Brewer’s mother Clarice Francis helped collect donations dropped off by the public at Hobart Arena parking lot on Thursday afternoon.
“We’ve got pillows, toiletries, water and diapers and clothes and a Ninja blender — someone is going to luck out,” she said.”We are so proud of our kids. It feels so good to give and I think everybody needs to experience that once in their life. The kids really stepped up. They brought a lot of good stuff in.”
Francis said she was touched by the kindness of the Troy community as she met people as they donated items Thursday afternoon.
“The lady that was just here, she was in Marsh and checking out and somebody had all this stuff. So she asked what they were doing because she didn’t hear about it. So she stopped and got cleaning supplies, like plastic gloves and masks,” Francis shared.

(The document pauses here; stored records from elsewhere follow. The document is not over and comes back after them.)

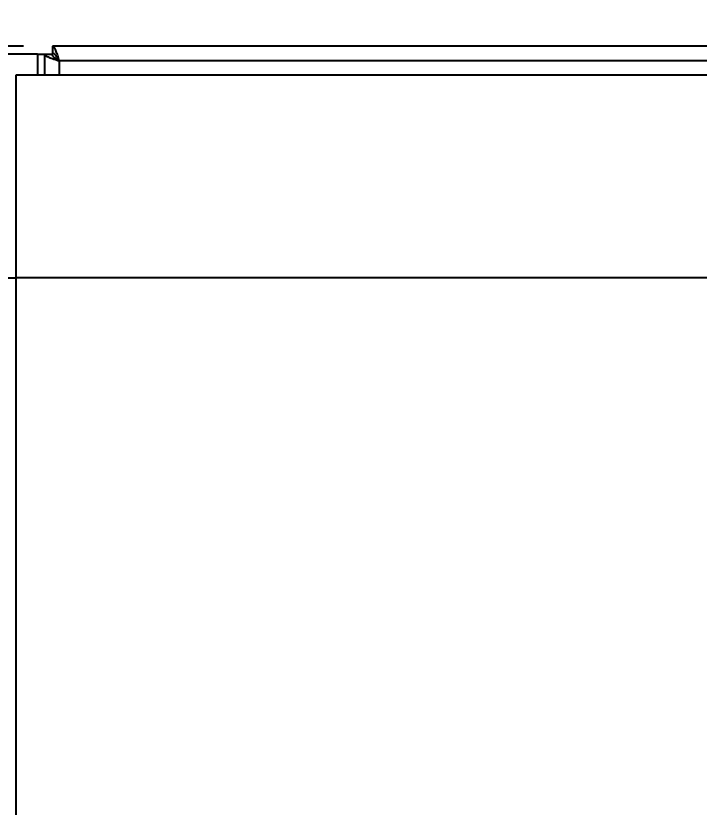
# Model space of a CAD drawing. Extents: x 75 to 2075, y 25 to 1460.
# Drawn here: x 238.6 to 356.7, y 1098 to 1234.7 of the extents above; entities that cross this region are included whole.
import ezdxf

# ---------------------------------------------------------------- set-up
doc = ezdxf.new("R2010")
doc.units = 0
doc.header["$LTSCALE"] = 5
doc.linetypes.add('SLD-KATı', pattern=[0])
doc.layers.get('0').update_dxf_attribs({"linetype": 'CONTINUOUS'})
doc.styles.add('SLDTEXTSTYLE1', font='GOTHIC.TTF', dxfattribs={"width": 0.913})
doc.dimstyles.new('SLDDIMSTYLE1', dxfattribs={"dimtxt": 17.5, "dimasz": 16.51, "dimexe": 0, "dimexo": 0.0625, "dimgap": 4.375, "dimtad": 1, "dimlfac": 0.8, "dimrnd": 1e-09, "dimzin": 12, "dimtxsty": 'SLDTEXTSTYLE1', "dimsah": 1, "dimcen": 0.09, "dimazin": 3, "dimtfac": 1, "dimtofl": 0, "dimtmove": 0, "dimatfit": 3, "dimtolj": 1, "dimtzin": 12})

# ---------------------------------------------------------------- blocks, each defined once
blk = doc.blocks.new('_D_5')
at = {"color": 7, "linetype": 'SLD-KATı'}
for p, q in [((224.88, 1226.85), (224.88, 1278.19)), ((924.88, 1226.85), (924.88, 1278.19)), ((224.88, 1273.19), (924.88, 1273.19))]:
    blk.add_line(p, q, dxfattribs=at)
for points in [[(224.88, 1273.19), (241.39, 1270.65), (241.39, 1275.73)], [(924.88, 1273.19), (908.37, 1275.73), (908.37, 1270.65)]]:
    blk.add_solid(points, dxfattribs=at)
at = {"color": 7, "linetype": 'SLD-KATı', "insert": (543.24, 1295.55), "char_height": 17.5, "attachment_point": 1, "style": 'SLDTEXTSTYLE1'}
blk.add_mtext('560', dxfattribs=at)
blk = doc.blocks.new('_D_6')
at = {"color": 7, "linetype": 'SLD-KATı'}
for p, q in [((239.97, 1229.44), (169.88, 1229.44)), ((174.88, 1229.44), (174.88, 543.28)), ((368.63, 543.28), (169.88, 543.28))]:
    blk.add_line(p, q, dxfattribs=at)
for points in [[(174.88, 1229.44), (172.34, 1212.93), (177.42, 1212.93)], [(174.88, 543.28), (177.42, 559.79), (172.34, 559.79)]]:
    blk.add_solid(points, dxfattribs=at)
at = {"color": 7, "linetype": 'SLD-KATı', "insert": (152.52, 866.24), "char_height": 17.5, "attachment_point": 1, "rotation": 90, "style": 'SLDTEXTSTYLE1'}
blk.add_mtext('550', dxfattribs=at)

msp = doc.modelspace()

# ---------------------------------------------------------------- linework, layer by layer
at = {"color": 7, "linetype": 'SLD-KATı'}
for p, q in [((904.789, 1229.442), (244.966, 1229.442)), ((244.966, 1229.442), (244.966, 1228.192)), ((242.377, 1228.103), (231.127, 1228.103)), ((242.377, 1228.103), (243.627, 1228.103)), ((243.627, 1224.442), (243.627, 1228.103)), ((243.627, 1228.103), (244.877, 1228.103)), ((903.627, 1226.942), (246.127, 1226.942)), ((238.627, 1224.442), (238.627, 1189.442)), ((359.877, 1224.442), (238.627, 1224.442)), ((226.127, 1189.442), (238.627, 1189.442)), ((238.627, 1189.442), (238.627, 829.442)), ((359.877, 1189.442), (238.627, 1189.442))]:
    msp.add_line(p, q, dxfattribs=at)
at = {"color": 8, "linetype": 'SLD-KATı'}
for p, q in [((242.377, 1228.103), (242.377, 1224.442)), ((246.127, 1226.942), (246.127, 1224.442))]:
    msp.add_line(p, q, dxfattribs=at)
at = {"color": 7, "linetype": 'SLD-KATı'}
for points, knots in [([(246.127, 1226.942), (246.041, 1227.235), (245.867, 1227.821), (245.607, 1228.594), (245.347, 1229.16), (245.132, 1229.414), (245.006, 1229.435), (244.966, 1229.442)], [0, 0, 0, 0, 0.2239146, 0.4478685, 0.6718208, 0.8957701, 1, 1, 1, 1]), ([(243.627, 1228.103), (243.665, 1228.006), (243.74, 1227.813), (244.318, 1227.522), (245.144, 1227.232), (245.8, 1227.038), (246.127, 1226.942)], [0, 0, 0, 0, 0.25000026, 0.50000036, 0.75000196, 1, 1, 1, 1]), ([(244.877, 1228.103), (244.896, 1228.006), (244.934, 1227.813), (245.223, 1227.522), (245.636, 1227.232), (245.963, 1227.038), (246.127, 1226.942)], [0, 0, 0, 0, 0.2499972, 0.5000051, 0.7500043, 1, 1, 1, 1]), ([(246.127, 1226.942), (246.019, 1227.126), (245.813, 1227.473), (245.511, 1227.889), (245.232, 1228.146), (245.051, 1228.177), (244.966, 1228.192)], [0, 0, 0, 0, 0.280311, 0.5302379, 0.7800896, 1, 1, 1, 1])]:
    msp.add_open_spline(points, degree=3, knots=knots, dxfattribs=at)

# ---------------------------------------------------------------- dimensions: what is measured, and where the dimension line sits
dim = msp.add_linear_dim(base=(924.877, 1273.192), p1=(224.877, 1221.853), p2=(924.877, 1221.853), dimstyle='SLDDIMSTYLE1', dxfattribs=at)
dim.commit()
dim.dimension.update_dxf_attribs({"geometry": '_D_5', "text_midpoint": (562.638, 1273.192), "dimtype": 160})
dim = msp.add_linear_dim(base=(174.877, 543.28), p1=(244.966, 1229.442), p2=(373.627, 543.28), angle=90, text='550', dimstyle='SLDDIMSTYLE1', dxfattribs=at)
dim.commit()
dim.dimension.update_dxf_attribs({"geometry": '_D_6', "text_midpoint": (174.877, 885.637), "dimtype": 160})

doc.saveas('drawing.dxf')

The supplies will benefit the community of Columbia, South Carolina where Troy High School alumni Ryan Brewer’s lives and owns a fence business. Brewer’s business has been shut down due to the flooding, but he still has employees out in the community volunteering with the clean-up efforts, Francis said.
Scot Brewer said his brother’s community received more than 26 inches of rain in one day and dams were starting to breech.
“(Ryan’s) friends were in the attic of their house and waited two hours for the fire department to come and cut a hole in the roof of their house to get them out — the water just came up so fast,” Francis shared. “The schools are closed, but the kids and the football team are out volunteering. It’s an amazing community down there.”
Troy Junior High School students also participated, donating a truckload of items for those whose household items were destroyed by flood waters. Meijer of Troy also donated boxes of paper towels and water.